A Novel Soft Margin Loss Function for Deep Discriminative Embedding Learning

Deep embedding learning aims to learn discriminative feature representations through a deep convolutional neural network model. Commonly, such a model contains a network architecture and a loss function. The architecture is responsible for hierarchical feature extraction, while the loss function supervises the training procedure with the purpose of maximizing inter-class separability and intra-class compactness. By considering that loss function is crucial for the feature performance, in this article we propose a new loss function called soft margin loss (SML) based on a classification framework for deep embedding learning. Specifically, we first normalize the learned features and the classification weights to map them into the hypersphere. After that, we construct our loss with the difference between the maximum intra-class distance and minimum inter-class distance.

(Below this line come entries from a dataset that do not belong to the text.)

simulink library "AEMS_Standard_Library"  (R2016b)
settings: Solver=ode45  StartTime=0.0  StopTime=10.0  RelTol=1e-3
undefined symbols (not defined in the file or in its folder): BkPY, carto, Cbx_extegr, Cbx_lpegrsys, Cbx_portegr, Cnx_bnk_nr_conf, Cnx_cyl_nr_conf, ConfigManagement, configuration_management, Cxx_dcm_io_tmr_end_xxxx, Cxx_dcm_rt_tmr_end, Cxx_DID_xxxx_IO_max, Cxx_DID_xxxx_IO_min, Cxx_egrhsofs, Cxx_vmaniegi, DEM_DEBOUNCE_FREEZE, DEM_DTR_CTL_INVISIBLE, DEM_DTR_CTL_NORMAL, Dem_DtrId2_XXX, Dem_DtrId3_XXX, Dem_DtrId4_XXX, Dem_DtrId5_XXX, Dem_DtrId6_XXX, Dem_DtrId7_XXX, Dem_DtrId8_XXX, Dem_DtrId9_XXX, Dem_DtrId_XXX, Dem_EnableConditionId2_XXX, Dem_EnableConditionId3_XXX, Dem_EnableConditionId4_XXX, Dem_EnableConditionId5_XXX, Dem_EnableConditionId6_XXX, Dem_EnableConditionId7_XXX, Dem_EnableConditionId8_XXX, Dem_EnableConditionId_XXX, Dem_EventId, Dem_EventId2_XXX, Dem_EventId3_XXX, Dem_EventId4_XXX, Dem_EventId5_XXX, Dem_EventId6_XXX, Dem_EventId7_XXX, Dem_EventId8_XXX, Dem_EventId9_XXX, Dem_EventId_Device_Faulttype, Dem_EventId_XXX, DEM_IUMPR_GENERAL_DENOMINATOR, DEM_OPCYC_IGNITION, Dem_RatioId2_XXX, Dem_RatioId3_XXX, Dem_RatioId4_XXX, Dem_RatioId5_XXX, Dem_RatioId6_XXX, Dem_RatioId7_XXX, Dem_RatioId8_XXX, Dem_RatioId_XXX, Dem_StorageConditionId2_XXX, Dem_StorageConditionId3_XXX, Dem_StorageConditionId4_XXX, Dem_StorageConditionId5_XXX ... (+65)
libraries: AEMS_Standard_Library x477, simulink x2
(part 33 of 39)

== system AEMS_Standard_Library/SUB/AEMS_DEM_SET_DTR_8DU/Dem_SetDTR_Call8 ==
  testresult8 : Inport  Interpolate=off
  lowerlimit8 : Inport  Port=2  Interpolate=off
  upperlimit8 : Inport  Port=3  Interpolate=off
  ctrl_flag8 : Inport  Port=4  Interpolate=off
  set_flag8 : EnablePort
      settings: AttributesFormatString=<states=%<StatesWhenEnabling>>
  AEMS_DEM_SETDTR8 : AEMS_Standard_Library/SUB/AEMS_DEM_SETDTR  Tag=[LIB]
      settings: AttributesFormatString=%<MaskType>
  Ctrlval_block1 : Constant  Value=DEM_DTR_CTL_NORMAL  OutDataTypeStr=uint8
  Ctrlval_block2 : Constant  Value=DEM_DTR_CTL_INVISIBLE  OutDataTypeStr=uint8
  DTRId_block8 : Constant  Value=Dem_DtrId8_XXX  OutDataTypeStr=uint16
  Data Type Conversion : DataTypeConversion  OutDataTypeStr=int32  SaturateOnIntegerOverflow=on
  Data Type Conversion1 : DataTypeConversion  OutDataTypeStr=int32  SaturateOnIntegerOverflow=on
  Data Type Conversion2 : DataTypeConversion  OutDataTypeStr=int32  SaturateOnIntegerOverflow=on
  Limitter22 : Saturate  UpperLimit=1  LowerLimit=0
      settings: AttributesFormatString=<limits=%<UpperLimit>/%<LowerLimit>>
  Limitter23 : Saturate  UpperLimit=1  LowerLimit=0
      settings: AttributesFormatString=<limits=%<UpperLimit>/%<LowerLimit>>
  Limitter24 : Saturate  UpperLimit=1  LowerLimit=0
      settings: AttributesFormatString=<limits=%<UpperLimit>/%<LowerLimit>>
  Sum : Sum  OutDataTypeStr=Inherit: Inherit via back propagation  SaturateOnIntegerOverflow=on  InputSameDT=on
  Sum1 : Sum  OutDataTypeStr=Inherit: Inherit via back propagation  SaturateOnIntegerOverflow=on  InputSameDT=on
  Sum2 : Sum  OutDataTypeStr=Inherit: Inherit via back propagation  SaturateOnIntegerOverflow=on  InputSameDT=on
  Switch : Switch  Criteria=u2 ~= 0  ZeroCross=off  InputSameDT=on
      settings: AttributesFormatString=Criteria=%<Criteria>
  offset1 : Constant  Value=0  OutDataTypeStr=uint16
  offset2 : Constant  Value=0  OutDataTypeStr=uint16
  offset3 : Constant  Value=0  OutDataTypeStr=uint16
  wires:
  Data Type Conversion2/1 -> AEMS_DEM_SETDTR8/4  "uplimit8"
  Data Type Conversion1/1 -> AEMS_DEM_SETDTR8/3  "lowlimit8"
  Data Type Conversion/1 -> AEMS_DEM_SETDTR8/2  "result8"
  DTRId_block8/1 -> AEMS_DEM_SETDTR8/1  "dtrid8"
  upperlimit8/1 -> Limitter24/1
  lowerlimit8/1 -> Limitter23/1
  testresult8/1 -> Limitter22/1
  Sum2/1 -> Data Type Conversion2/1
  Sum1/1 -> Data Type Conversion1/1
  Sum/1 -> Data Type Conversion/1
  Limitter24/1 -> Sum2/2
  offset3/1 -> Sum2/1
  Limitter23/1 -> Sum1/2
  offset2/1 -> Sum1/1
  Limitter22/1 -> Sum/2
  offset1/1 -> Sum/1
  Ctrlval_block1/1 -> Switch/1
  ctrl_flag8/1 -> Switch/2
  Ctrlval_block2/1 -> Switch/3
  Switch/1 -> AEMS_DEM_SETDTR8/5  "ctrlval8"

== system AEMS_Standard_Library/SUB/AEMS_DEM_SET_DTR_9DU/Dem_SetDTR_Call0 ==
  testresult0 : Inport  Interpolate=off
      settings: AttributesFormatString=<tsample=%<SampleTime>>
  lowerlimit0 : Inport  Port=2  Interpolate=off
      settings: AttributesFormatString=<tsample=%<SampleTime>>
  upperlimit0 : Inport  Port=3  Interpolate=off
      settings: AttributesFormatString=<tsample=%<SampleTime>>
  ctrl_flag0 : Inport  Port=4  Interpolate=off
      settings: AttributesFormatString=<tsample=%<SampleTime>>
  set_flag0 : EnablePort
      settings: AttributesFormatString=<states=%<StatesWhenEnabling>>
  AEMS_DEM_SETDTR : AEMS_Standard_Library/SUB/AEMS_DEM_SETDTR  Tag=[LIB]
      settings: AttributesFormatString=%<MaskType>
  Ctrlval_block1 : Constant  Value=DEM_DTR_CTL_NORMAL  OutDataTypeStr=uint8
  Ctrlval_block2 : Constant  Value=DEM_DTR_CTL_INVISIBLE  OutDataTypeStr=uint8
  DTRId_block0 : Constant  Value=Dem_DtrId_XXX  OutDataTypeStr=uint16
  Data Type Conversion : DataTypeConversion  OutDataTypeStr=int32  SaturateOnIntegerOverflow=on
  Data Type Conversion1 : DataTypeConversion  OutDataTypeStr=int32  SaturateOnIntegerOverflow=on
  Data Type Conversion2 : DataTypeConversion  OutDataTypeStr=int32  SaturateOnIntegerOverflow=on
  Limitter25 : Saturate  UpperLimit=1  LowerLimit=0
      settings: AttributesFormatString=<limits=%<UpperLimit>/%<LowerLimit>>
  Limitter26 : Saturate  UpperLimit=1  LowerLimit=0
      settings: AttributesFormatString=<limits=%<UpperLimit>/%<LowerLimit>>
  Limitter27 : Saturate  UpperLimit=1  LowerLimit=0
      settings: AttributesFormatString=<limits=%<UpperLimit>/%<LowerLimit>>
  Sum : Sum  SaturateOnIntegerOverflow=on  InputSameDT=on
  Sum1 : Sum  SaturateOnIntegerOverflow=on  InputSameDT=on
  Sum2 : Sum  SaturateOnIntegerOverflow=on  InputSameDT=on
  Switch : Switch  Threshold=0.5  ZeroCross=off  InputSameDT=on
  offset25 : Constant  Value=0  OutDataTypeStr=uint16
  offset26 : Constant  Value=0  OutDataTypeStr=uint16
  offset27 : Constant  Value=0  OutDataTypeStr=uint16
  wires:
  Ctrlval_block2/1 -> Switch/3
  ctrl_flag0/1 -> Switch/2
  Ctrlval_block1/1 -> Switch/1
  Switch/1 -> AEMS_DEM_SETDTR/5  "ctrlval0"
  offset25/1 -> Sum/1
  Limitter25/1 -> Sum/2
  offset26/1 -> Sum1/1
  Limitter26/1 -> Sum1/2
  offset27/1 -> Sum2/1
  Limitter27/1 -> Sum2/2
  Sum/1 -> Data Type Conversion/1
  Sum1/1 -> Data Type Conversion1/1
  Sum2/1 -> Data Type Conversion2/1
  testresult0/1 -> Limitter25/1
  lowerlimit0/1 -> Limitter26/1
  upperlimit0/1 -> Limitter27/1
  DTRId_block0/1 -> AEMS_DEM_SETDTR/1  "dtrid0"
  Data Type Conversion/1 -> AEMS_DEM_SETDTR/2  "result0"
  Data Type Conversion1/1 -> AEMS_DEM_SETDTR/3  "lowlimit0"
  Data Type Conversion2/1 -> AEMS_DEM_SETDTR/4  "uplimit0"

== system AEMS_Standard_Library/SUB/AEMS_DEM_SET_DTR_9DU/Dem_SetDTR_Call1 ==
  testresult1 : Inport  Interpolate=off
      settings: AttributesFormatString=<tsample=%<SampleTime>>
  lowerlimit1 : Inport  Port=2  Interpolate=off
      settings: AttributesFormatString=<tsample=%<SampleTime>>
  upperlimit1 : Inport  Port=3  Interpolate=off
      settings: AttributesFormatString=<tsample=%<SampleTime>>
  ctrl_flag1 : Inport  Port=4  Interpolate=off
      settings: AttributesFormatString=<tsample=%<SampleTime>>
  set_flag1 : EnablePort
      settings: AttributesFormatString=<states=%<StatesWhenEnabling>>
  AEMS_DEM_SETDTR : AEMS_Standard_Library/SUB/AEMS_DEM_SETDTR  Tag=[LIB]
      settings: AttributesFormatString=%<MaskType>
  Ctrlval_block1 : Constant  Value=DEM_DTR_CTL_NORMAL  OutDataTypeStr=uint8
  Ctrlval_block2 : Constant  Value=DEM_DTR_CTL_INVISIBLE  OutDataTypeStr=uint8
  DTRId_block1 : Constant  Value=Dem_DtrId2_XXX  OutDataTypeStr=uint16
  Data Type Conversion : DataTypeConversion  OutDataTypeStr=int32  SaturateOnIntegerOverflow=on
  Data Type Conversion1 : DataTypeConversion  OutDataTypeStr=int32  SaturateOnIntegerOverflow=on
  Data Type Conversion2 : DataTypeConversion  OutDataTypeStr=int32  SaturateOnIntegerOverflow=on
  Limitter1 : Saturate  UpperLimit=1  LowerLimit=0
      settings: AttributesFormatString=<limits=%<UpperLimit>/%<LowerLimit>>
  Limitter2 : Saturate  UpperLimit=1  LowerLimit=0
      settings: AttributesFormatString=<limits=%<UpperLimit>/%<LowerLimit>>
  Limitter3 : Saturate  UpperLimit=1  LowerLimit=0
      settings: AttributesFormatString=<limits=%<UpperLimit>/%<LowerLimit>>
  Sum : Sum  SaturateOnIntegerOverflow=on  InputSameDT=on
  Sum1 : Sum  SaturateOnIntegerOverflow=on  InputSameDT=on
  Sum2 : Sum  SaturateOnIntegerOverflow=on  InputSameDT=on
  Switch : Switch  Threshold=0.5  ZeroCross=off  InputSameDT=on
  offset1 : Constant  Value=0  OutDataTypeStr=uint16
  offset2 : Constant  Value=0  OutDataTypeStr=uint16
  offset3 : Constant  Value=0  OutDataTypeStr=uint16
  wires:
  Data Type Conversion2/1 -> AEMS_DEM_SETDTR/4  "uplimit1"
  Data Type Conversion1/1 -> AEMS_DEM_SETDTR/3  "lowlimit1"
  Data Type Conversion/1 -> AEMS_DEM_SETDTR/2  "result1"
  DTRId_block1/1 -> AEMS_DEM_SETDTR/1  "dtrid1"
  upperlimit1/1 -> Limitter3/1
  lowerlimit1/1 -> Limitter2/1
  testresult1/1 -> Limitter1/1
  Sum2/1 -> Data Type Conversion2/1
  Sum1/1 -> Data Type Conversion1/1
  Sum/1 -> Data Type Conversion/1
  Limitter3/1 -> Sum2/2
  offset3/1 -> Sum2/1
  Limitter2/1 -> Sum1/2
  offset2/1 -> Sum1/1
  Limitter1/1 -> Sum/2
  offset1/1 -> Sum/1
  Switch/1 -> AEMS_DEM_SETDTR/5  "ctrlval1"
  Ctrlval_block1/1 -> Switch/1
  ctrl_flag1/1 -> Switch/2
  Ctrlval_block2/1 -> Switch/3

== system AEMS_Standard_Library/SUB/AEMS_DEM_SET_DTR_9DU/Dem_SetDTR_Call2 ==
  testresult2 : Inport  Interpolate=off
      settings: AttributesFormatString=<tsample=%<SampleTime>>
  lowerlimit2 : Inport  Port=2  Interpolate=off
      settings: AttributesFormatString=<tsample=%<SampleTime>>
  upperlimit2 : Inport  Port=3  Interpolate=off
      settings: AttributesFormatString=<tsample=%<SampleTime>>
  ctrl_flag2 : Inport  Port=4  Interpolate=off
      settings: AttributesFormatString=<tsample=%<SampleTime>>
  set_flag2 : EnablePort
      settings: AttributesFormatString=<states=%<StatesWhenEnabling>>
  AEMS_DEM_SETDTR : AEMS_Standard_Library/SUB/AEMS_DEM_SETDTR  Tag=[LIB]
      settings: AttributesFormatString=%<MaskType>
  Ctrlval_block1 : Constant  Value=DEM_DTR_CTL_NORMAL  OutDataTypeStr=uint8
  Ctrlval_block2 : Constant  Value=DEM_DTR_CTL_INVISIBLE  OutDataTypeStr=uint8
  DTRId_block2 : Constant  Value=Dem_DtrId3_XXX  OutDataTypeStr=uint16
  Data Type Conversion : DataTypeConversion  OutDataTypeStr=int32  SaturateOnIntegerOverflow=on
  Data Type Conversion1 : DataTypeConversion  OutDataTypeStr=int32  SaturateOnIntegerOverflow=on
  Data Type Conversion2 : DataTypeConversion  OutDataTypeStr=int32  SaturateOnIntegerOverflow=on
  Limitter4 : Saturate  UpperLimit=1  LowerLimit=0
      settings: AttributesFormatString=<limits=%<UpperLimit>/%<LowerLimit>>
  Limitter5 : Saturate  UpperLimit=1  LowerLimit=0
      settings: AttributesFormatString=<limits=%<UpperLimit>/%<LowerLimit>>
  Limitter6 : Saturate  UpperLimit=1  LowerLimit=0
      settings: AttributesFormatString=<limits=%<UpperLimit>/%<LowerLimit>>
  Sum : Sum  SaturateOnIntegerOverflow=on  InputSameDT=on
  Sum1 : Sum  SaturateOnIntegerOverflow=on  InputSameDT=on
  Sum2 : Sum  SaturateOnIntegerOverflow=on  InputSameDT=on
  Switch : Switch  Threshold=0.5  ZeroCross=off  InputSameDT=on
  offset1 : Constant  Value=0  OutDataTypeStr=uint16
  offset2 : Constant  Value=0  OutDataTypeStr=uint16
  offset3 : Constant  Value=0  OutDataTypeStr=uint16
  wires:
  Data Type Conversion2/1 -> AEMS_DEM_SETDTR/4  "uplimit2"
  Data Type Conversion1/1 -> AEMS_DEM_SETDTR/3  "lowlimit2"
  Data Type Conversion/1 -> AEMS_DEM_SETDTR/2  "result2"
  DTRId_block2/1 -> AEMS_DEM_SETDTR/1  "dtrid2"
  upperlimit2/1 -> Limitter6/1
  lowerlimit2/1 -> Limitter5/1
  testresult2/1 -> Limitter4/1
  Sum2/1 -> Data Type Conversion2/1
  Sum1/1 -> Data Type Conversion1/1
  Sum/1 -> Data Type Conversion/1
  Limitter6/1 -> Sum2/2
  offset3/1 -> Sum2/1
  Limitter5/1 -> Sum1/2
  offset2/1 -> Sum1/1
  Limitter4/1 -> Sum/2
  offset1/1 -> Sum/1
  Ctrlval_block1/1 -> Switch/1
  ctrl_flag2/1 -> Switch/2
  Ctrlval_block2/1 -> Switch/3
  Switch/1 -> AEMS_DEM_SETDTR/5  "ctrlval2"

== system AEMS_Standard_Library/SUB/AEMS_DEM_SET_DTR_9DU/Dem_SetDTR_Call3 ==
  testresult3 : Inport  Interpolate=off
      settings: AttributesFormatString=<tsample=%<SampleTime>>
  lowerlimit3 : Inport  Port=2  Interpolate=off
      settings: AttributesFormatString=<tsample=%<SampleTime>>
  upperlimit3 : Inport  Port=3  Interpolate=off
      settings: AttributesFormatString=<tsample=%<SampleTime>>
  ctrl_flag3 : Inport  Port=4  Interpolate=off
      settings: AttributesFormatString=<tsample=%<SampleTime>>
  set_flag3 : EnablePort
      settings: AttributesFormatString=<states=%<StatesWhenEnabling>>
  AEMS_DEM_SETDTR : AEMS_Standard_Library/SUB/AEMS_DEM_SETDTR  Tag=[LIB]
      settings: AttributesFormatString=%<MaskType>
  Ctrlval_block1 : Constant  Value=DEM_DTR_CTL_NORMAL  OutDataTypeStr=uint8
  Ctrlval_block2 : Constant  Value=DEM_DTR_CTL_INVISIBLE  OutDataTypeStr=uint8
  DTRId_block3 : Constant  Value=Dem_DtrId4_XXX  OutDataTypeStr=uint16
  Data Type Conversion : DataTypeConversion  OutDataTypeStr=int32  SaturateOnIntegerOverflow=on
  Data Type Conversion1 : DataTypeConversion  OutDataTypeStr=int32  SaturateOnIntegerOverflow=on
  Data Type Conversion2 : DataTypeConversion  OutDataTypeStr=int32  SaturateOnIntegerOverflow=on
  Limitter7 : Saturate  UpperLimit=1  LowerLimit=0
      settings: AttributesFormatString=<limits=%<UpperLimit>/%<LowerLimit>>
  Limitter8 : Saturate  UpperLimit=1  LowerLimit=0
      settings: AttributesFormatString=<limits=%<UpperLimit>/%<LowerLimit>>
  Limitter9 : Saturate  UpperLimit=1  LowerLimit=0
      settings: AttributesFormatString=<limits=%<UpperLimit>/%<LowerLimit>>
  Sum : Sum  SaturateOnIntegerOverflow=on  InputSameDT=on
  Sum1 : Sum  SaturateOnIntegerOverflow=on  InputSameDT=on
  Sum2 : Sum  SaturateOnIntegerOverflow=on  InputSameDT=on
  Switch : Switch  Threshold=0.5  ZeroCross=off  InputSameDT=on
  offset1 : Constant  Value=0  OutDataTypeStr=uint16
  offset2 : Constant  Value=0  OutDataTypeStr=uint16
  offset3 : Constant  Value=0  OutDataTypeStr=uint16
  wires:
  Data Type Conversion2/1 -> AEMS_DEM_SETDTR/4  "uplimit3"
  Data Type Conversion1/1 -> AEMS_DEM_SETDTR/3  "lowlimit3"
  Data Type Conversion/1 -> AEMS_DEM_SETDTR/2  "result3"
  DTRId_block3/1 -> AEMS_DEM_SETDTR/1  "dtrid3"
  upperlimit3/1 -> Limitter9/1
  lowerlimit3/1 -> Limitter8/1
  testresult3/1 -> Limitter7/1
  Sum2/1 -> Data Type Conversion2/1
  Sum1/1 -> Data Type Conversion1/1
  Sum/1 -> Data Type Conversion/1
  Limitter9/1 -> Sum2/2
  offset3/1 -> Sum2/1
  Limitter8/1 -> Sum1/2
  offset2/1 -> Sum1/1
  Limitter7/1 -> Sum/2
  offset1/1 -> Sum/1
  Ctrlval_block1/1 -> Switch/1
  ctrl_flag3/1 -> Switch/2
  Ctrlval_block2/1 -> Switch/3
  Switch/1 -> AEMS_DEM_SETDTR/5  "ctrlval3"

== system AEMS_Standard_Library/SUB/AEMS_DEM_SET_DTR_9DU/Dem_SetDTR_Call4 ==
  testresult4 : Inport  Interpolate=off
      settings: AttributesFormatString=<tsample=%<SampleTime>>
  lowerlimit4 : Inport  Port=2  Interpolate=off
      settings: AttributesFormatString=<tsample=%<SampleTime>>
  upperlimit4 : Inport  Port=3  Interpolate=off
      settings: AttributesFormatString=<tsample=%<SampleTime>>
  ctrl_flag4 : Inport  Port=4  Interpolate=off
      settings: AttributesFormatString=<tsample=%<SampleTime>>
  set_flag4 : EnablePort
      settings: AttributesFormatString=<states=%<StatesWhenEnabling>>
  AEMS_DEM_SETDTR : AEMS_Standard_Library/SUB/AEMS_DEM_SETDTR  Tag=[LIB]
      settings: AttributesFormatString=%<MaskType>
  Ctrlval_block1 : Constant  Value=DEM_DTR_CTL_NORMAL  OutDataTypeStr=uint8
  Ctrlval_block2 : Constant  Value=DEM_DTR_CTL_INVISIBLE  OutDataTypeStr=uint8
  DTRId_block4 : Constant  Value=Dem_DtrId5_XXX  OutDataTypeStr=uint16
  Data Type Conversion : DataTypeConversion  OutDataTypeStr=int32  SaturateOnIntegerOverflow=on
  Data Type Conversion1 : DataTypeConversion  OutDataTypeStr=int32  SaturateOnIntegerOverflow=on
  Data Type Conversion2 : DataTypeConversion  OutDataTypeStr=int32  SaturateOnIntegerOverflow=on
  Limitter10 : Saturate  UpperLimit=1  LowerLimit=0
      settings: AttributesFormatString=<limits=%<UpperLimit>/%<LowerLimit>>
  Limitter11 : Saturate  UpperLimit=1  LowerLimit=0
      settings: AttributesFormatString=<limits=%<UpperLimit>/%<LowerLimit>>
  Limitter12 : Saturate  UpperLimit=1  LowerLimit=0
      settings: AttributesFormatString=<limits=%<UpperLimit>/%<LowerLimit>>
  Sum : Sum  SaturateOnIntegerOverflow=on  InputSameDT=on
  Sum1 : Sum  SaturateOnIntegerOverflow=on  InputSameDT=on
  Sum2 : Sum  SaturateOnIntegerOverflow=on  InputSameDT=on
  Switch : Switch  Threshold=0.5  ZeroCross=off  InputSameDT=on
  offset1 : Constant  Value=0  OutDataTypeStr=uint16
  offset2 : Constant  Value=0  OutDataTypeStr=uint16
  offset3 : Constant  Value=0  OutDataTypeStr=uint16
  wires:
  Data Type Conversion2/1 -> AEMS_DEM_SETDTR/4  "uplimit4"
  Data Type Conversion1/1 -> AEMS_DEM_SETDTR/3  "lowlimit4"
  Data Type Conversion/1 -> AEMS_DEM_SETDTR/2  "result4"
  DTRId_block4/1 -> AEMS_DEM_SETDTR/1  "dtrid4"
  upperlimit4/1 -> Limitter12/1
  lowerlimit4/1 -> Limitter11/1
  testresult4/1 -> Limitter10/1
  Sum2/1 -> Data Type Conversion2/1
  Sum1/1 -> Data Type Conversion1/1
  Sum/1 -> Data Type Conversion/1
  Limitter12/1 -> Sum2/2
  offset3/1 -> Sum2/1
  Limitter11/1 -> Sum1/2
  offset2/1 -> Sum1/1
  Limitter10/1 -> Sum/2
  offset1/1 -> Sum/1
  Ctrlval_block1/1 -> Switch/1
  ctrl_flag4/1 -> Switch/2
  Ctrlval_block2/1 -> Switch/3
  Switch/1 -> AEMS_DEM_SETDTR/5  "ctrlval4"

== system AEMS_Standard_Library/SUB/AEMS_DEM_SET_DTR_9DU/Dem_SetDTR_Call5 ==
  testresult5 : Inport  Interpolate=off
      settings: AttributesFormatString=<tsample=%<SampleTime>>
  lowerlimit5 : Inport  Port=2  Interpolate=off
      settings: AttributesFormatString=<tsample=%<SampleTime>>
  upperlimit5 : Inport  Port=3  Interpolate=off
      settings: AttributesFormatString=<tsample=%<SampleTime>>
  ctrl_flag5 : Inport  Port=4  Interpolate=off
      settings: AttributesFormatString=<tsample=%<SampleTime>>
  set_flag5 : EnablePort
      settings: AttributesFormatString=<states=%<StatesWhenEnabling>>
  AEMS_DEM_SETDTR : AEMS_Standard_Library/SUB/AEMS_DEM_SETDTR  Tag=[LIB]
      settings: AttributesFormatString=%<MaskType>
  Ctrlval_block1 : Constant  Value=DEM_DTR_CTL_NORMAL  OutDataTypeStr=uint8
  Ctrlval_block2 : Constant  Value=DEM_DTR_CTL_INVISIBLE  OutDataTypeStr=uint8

By constraining the distance difference with a soft margin that is inherent in the proposed loss, both the inter-class discrepancy and intra-class compactness of learned features can be effectively improved. Finally, under the joint training with an improved softmax loss, the model can learn features with strong discriminability. Toy experiments on MNIST dataset are conducted to show the effectiveness of the proposed method. Additionally, experiments on re-identification tasks are also provided to demonstrate the superior performance of embedding learning. Specifically, 65.48% / 62.68% mAP on CUHK03 labeled / detected dataset (person re-id) and 74.36% mAP on VeRi-776 dataset (vehicle re-id) are achieved respectively.